EXERCISE DIRECTIONS>
Each line of the data that includes "radius" must be copied.

[Stored items from a collection]
-- -- --
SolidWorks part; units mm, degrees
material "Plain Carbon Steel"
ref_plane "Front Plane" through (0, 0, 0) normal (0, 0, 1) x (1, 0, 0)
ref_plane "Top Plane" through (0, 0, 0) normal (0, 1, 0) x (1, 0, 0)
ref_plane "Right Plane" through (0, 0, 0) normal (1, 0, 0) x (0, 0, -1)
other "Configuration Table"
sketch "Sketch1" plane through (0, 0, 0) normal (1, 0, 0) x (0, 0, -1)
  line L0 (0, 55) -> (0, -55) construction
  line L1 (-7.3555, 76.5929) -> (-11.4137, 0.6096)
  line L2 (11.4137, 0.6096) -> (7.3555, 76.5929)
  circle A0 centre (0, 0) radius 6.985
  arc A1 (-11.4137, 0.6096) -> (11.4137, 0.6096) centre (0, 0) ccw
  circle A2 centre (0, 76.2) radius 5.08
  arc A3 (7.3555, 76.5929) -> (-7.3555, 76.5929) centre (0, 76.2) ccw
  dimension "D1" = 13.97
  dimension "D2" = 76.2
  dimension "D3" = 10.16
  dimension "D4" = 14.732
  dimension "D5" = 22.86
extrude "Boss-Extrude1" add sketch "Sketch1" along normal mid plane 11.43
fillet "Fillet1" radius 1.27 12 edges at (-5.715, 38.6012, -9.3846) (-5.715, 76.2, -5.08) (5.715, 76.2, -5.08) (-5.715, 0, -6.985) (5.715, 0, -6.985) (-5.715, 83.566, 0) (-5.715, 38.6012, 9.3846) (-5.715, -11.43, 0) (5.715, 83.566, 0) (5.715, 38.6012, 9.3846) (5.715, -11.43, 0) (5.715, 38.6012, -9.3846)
-- -- --
TASK RESPONSE>
  circle A0 centre (0, 0) radius 6.985
  circle A2 centre (0, 76.2) radius 5.08
fillet "Fillet1" radius 1.27 12 edges at (-5.715, 38.6012, -9.3846) (-5.715, 76.2, -5.08) (5.715, 76.2, -5.08) (-5.715, 0, -6.985) (5.715, 0, -6.985) (-5.715, 83.566, 0) (-5.715, 38.6012, 9.3846) (-5.715, -11.43, 0) (5.715, 83.566, 0) (5.715, 38.6012, 9.3846) (5.715, -11.43, 0) (5.715, 38.6012, -9.3846)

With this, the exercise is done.